'''

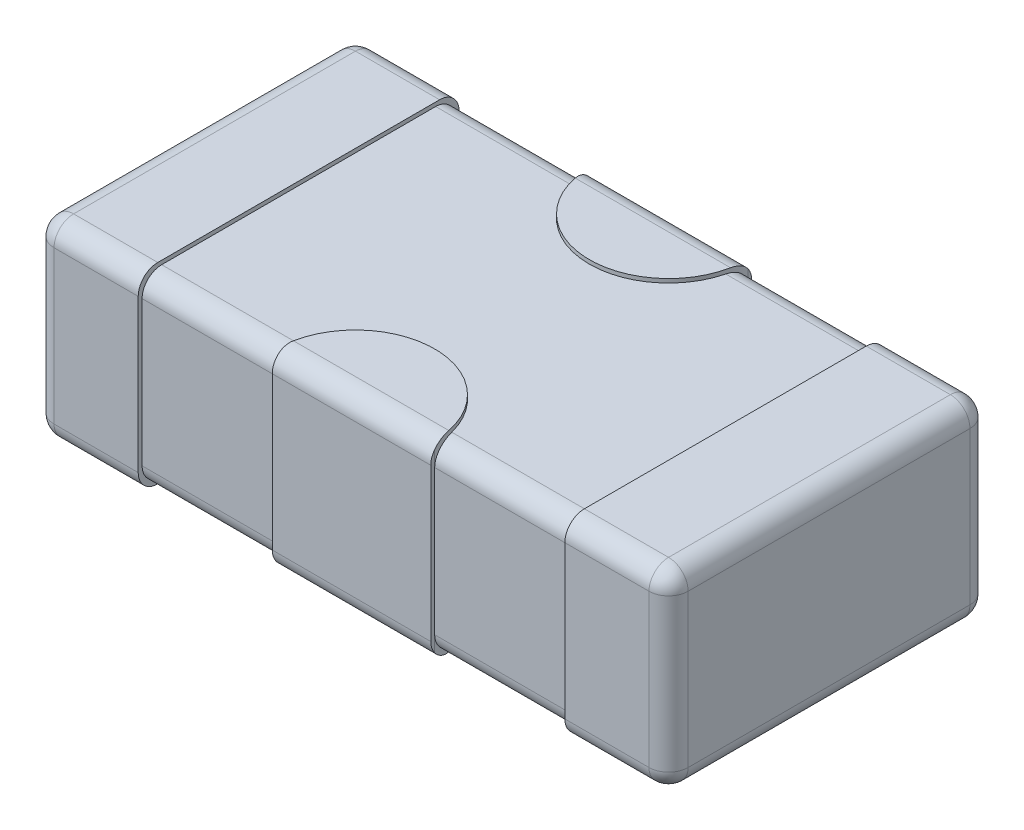
SolidWorks part; units mm, degrees
ref_plane "Front Plane" through (0, 0, 0) normal (0, 0, 1) x (1, 0, 0)
ref_plane "Top Plane" through (0, 0, 0) normal (0, 1, 0) x (1, 0, 0)
ref_plane "Right Plane" through (0, 0, 0) normal (1, 0, 0) x (0, 0, -1)
sketch "Sketch1" plane through (0, 0, 0) normal (0, 1, 0) x (1, 0, 0)
  line L1 (-1.6, 0.8) -> (1.6, 0.8)
  line L2 (-1.6, 0.8) -> (-1.6, -0.8)
  line L3 (-1.6, -0.8) -> (1.6, -0.8)
  line L4 (1.6, 0.8) -> (1.6, -0.8)
  line L5 (-1.6, 0.8) -> (1.6, -0.8) construction
  line L6 (-1.6, -0.8) -> (1.6, 0.8) construction
  point P0 (0, 0)
  dimension "D1" = 3.2
  dimension "D2" = 1.6
extrude "Boss-Extrude1" add sketch "Sketch1" along normal blind 0.94
sketch "Sketch2" plane through (0, 0.94, 0) normal (0, 1, 0) x (1, 0, 0)
  line L0 (-0.405, 0.82) -> (-0.405, 0.8)
  line L1 (-1.62, 0.82) -> (-1.09, 0.82)
  line L2 (-1.62, 0.82) -> (-1.62, -0.82)
  line L3 (-1.62, -0.82) -> (-1.09, -0.82)
  line L4 (-1.09, 0.82) -> (-1.09, -0.82)
  line L5 (1.6, 0.8) -> (-1.6, 0.8) construction
  line L7 (0, 0) -> (0, 0.8) construction
  line L9 (0.405, 0.82) -> (0.405, 0.8)
  line L10 (-0.405, 0.82) -> (0.405, 0.82)
  line L11 (0, 0) -> (-2.1159, 0) construction
  line L12 (-1.6, 0.8) -> (-1.6, -0.8) construction
  line L13 (1.62, -0.82) -> (1.09, -0.82)
  line L14 (1.09, 0.82) -> (1.09, -0.82)
  line L15 (1.62, 0.82) -> (1.09, 0.82)
  line L16 (1.62, 0.82) -> (1.62, -0.82)
  line L17 (-0.405, -0.82) -> (-0.405, -0.8)
  line L18 (0.405, -0.82) -> (0.405, -0.8)
  line L19 (-0.405, -0.82) -> (0.405, -0.82)
  arc A0 (-0.405, 0.8) -> (0.405, 0.8) centre (0, 0.8) ccw
  arc A1 (-0.405, -0.8) -> (0.405, -0.8) centre (0, -0.8) cw
  point P16 (0, 0)
  dimension "D1" = 0.81
  dimension "D2" = 0.02
  dimension "D3" = 0.02
  dimension "D4" = 0.51
extrude "Boss-Extrude2" add sketch "Sketch2" along normal blind 0.02
sketch "Sketch3" plane through (0, 0.94, 0) normal (0, 1, 0) x (1, 0, 0)
  line L3 (-0.405, 0.82) -> (-0.405, 0.8)
  line L4 (-1.09, 0.82) -> (-1.62, 0.82)
  line L5 (-1.09, -0.82) -> (-1.09, 0.82)
  line L6 (-1.62, -0.82) -> (-1.09, -0.82)
  line L7 (-1.62, 0.82) -> (-1.62, -0.82)
  line L8 (-1.09, 0.82) -> (-1.62, 0.82)
  line L9 (-1.09, -0.82) -> (-1.09, 0.82)
  line L10 (-1.62, -0.82) -> (-1.09, -0.82)
  line L11 (-1.62, 0.82) -> (-1.62, -0.82)
  line L12 (0.405, 0.8) -> (0.405, 0.82)
  line L13 (0.405, 0.82) -> (-0.405, 0.82)
  line L14 (-0.405, 0.82) -> (-0.405, 0.8)
  line L15 (0.405, 0.8) -> (0.405, 0.82)
  line L16 (0.405, 0.82) -> (-0.405, 0.82)
  line L17 (-0.405, -0.8) -> (-0.405, -0.82)
  line L18 (0.405, -0.82) -> (0.405, -0.8)
  line L19 (-0.405, -0.82) -> (0.405, -0.82)
  line L20 (-0.405, -0.8) -> (-0.405, -0.82)
  line L21 (0.405, -0.82) -> (0.405, -0.8)
  line L22 (-0.405, -0.82) -> (0.405, -0.82)
  line L24 (1.09, -0.82) -> (1.62, -0.82)
  line L25 (1.09, 0.82) -> (1.09, -0.82)
  line L26 (1.62, 0.82) -> (1.09, 0.82)
  line L27 (1.62, -0.82) -> (1.62, 0.82)
  line L28 (1.09, -0.82) -> (1.62, -0.82)
  line L29 (1.09, 0.82) -> (1.09, -0.82)
  line L30 (1.62, 0.82) -> (1.09, 0.82)
  line L31 (1.62, -0.82) -> (1.62, 0.82)
  arc A1 (-0.405, 0.8) -> (0.405, 0.8) centre (0, 0.8) ccw
  arc A2 (-0.405, 0.8) -> (0.405, 0.8) centre (0, 0.8) ccw
  arc A3 (0.405, -0.8) -> (-0.405, -0.8) centre (0, -0.8) ccw
  arc A4 (0.405, -0.8) -> (-0.405, -0.8) centre (0, -0.8) ccw
  dimension "D1" = 0
  dimension "D2" = 0
  dimension "D3" = 0
  dimension "D4" = 0
extrude "Boss-Extrude3" add sketch "Sketch3" against normal blind 0.96
fillet "Fillet1" radius 0.1 24 edges at (1.62, 0.96, 0) (1.62, 0.47, -0.82) (1.62, -0.02, 0) (1.62, 0.47, 0.82) (-1.62, 0.96, 0) (-1.62, 0.47, 0.82) (-1.62, -0.02, 0) (-1.62, 0.47, -0.82) (1.355, -0.02, 0.82) (1.355, 0.96, 0.82) (1.355, 0.96, -0.82) (1.355, -0.02, -0.82) (-1.355, -0.02, -0.82) (-1.355, 0.96, -0.82) (-1.355, -0.02, 0.82) (-1.355, 0.96, 0.82) (-0.7475, 0, -0.8) (0.7475, 0, -0.8) (0.7475, 0.94, -0.8) (-0.7475, 0.94, -0.8) (-0.7475, 0, 0.8) (0.7475, 0, 0.8) (0.7475, 0.94, 0.8) (-0.7475, 0.94, 0.8)
fillet "Fillet2" radius 0.1 4 edges at (0, -0.02, -0.82) (0, -0.02, 0.82) (0, 0.96, -0.82) (0, 0.96, 0.82)

'''

What needs to be done
With pictures excluded, the data must be transcribed in full and to the letter.

Answer to this problem
SolidWorks part; units mm, degrees
ref_plane "Front Plane" through (0, 0, 0) normal (0, 0, 1) x (1, 0, 0)
ref_plane "Top Plane" through (0, 0, 0) normal (0, 1, 0) x (1, 0, 0)
ref_plane "Right Plane" through (0, 0, 0) normal (1, 0, 0) x (0, 0, -1)
sketch "Sketch1" plane through (0, 0, 0) normal (0, 1, 0) x (1, 0, 0)
  line L1 (-1.6, 0.8) -> (1.6, 0.8)
  line L2 (-1.6, 0.8) -> (-1.6, -0.8)
  line L3 (-1.6, -0.8) -> (1.6, -0.8)
  line L4 (1.6, 0.8) -> (1.6, -0.8)
  line L5 (-1.6, 0.8) -> (1.6, -0.8) construction
  line L6 (-1.6, -0.8) -> (1.6, 0.8) construction
  point P0 (0, 0)
  dimension "D1" = 3.2
  dimension "D2" = 1.6
extrude "Boss-Extrude1" add sketch "Sketch1" along normal blind 0.94
sketch "Sketch2" plane through (0, 0.94, 0) normal (0, 1, 0) x (1, 0, 0)
  line L0 (-0.405, 0.82) -> (-0.405, 0.8)
  line L1 (-1.62, 0.82) -> (-1.09, 0.82)
  line L2 (-1.62, 0.82) -> (-1.62, -0.82)
  line L3 (-1.62, -0.82) -> (-1.09, -0.82)
  line L4 (-1.09, 0.82) -> (-1.09, -0.82)
  line L5 (1.6, 0.8) -> (-1.6, 0.8) construction
  line L7 (0, 0) -> (0, 0.8) construction
  line L9 (0.405, 0.82) -> (0.405, 0.8)
  line L10 (-0.405, 0.82) -> (0.405, 0.82)
  line L11 (0, 0) -> (-2.1159, 0) construction
  line L12 (-1.6, 0.8) -> (-1.6, -0.8) construction
  line L13 (1.62, -0.82) -> (1.09, -0.82)
  line L14 (1.09, 0.82) -> (1.09, -0.82)
  line L15 (1.62, 0.82) -> (1.09, 0.82)
  line L16 (1.62, 0.82) -> (1.62, -0.82)
  line L17 (-0.405, -0.82) -> (-0.405, -0.8)
  line L18 (0.405, -0.82) -> (0.405, -0.8)
  line L19 (-0.405, -0.82) -> (0.405, -0.82)
  arc A0 (-0.405, 0.8) -> (0.405, 0.8) centre (0, 0.8) ccw
  arc A1 (-0.405, -0.8) -> (0.405, -0.8) centre (0, -0.8) cw
  point P16 (0, 0)
  dimension "D1" = 0.81
  dimension "D2" = 0.02
  dimension "D3" = 0.02
  dimension "D4" = 0.51
extrude "Boss-Extrude2" add sketch "Sketch2" along normal blind 0.02
sketch "Sketch3" plane through (0, 0.94, 0) normal (0, 1, 0) x (1, 0, 0)
  line L3 (-0.405, 0.82) -> (-0.405, 0.8)
  line L4 (-1.09, 0.82) -> (-1.62, 0.82)
  line L5 (-1.09, -0.82) -> (-1.09, 0.82)
  line L6 (-1.62, -0.82) -> (-1.09, -0.82)
  line L7 (-1.62, 0.82) -> (-1.62, -0.82)
  line L8 (-1.09, 0.82) -> (-1.62, 0.82)
  line L9 (-1.09, -0.82) -> (-1.09, 0.82)
  line L10 (-1.62, -0.82) -> (-1.09, -0.82)
  line L11 (-1.62, 0.82) -> (-1.62, -0.82)
  line L12 (0.405, 0.8) -> (0.405, 0.82)
  line L13 (0.405, 0.82) -> (-0.405, 0.82)
  line L14 (-0.405, 0.82) -> (-0.405, 0.8)
  line L15 (0.405, 0.8) -> (0.405, 0.82)
  line L16 (0.405, 0.82) -> (-0.405, 0.82)
  line L17 (-0.405, -0.8) -> (-0.405, -0.82)
  line L18 (0.405, -0.82) -> (0.405, -0.8)
  line L19 (-0.405, -0.82) -> (0.405, -0.82)
  line L20 (-0.405, -0.8) -> (-0.405, -0.82)
  line L21 (0.405, -0.82) -> (0.405, -0.8)
  line L22 (-0.405, -0.82) -> (0.405, -0.82)
  line L24 (1.09, -0.82) -> (1.62, -0.82)
  line L25 (1.09, 0.82) -> (1.09, -0.82)
  line L26 (1.62, 0.82) -> (1.09, 0.82)
  line L27 (1.62, -0.82) -> (1.62, 0.82)
  line L28 (1.09, -0.82) -> (1.62, -0.82)
  line L29 (1.09, 0.82) -> (1.09, -0.82)
  line L30 (1.62, 0.82) -> (1.09, 0.82)
  line L31 (1.62, -0.82) -> (1.62, 0.82)
  arc A1 (-0.405, 0.8) -> (0.405, 0.8) centre (0, 0.8) ccw
  arc A2 (-0.405, 0.8) -> (0.405, 0.8) centre (0, 0.8) ccw
  arc A3 (0.405, -0.8) -> (-0.405, -0.8) centre (0, -0.8) ccw
  arc A4 (0.405, -0.8) -> (-0.405, -0.8) centre (0, -0.8) ccw
  dimension "D1" = 0
  dimension "D2" = 0
  dimension "D3" = 0
  dimension "D4" = 0
extrude "Boss-Extrude3" add sketch "Sketch3" against normal blind 0.96
fillet "Fillet1" radius 0.1 24 edges at (1.62, 0.96, 0) (1.62, 0.47, -0.82) (1.62, -0.02, 0) (1.62, 0.47, 0.82) (-1.62, 0.96, 0) (-1.62, 0.47, 0.82) (-1.62, -0.02, 0) (-1.62, 0.47, -0.82) (1.355, -0.02, 0.82) (1.355, 0.96, 0.82) (1.355, 0.96, -0.82) (1.355, -0.02, -0.82) (-1.355, -0.02, -0.82) (-1.355, 0.96, -0.82) (-1.355, -0.02, 0.82) (-1.355, 0.96, 0.82) (-0.7475, 0, -0.8) (0.7475, 0, -0.8) (0.7475, 0.94, -0.8) (-0.7475, 0.94, -0.8) (-0.7475, 0, 0.8) (0.7475, 0, 0.8) (0.7475, 0.94, 0.8) (-0.7475, 0.94, 0.8)
fillet "Fillet2" radius 0.1 4 edges at (0, -0.02, -0.82) (0, -0.02, 0.82) (0, 0.96, -0.82) (0, 0.96, 0.82)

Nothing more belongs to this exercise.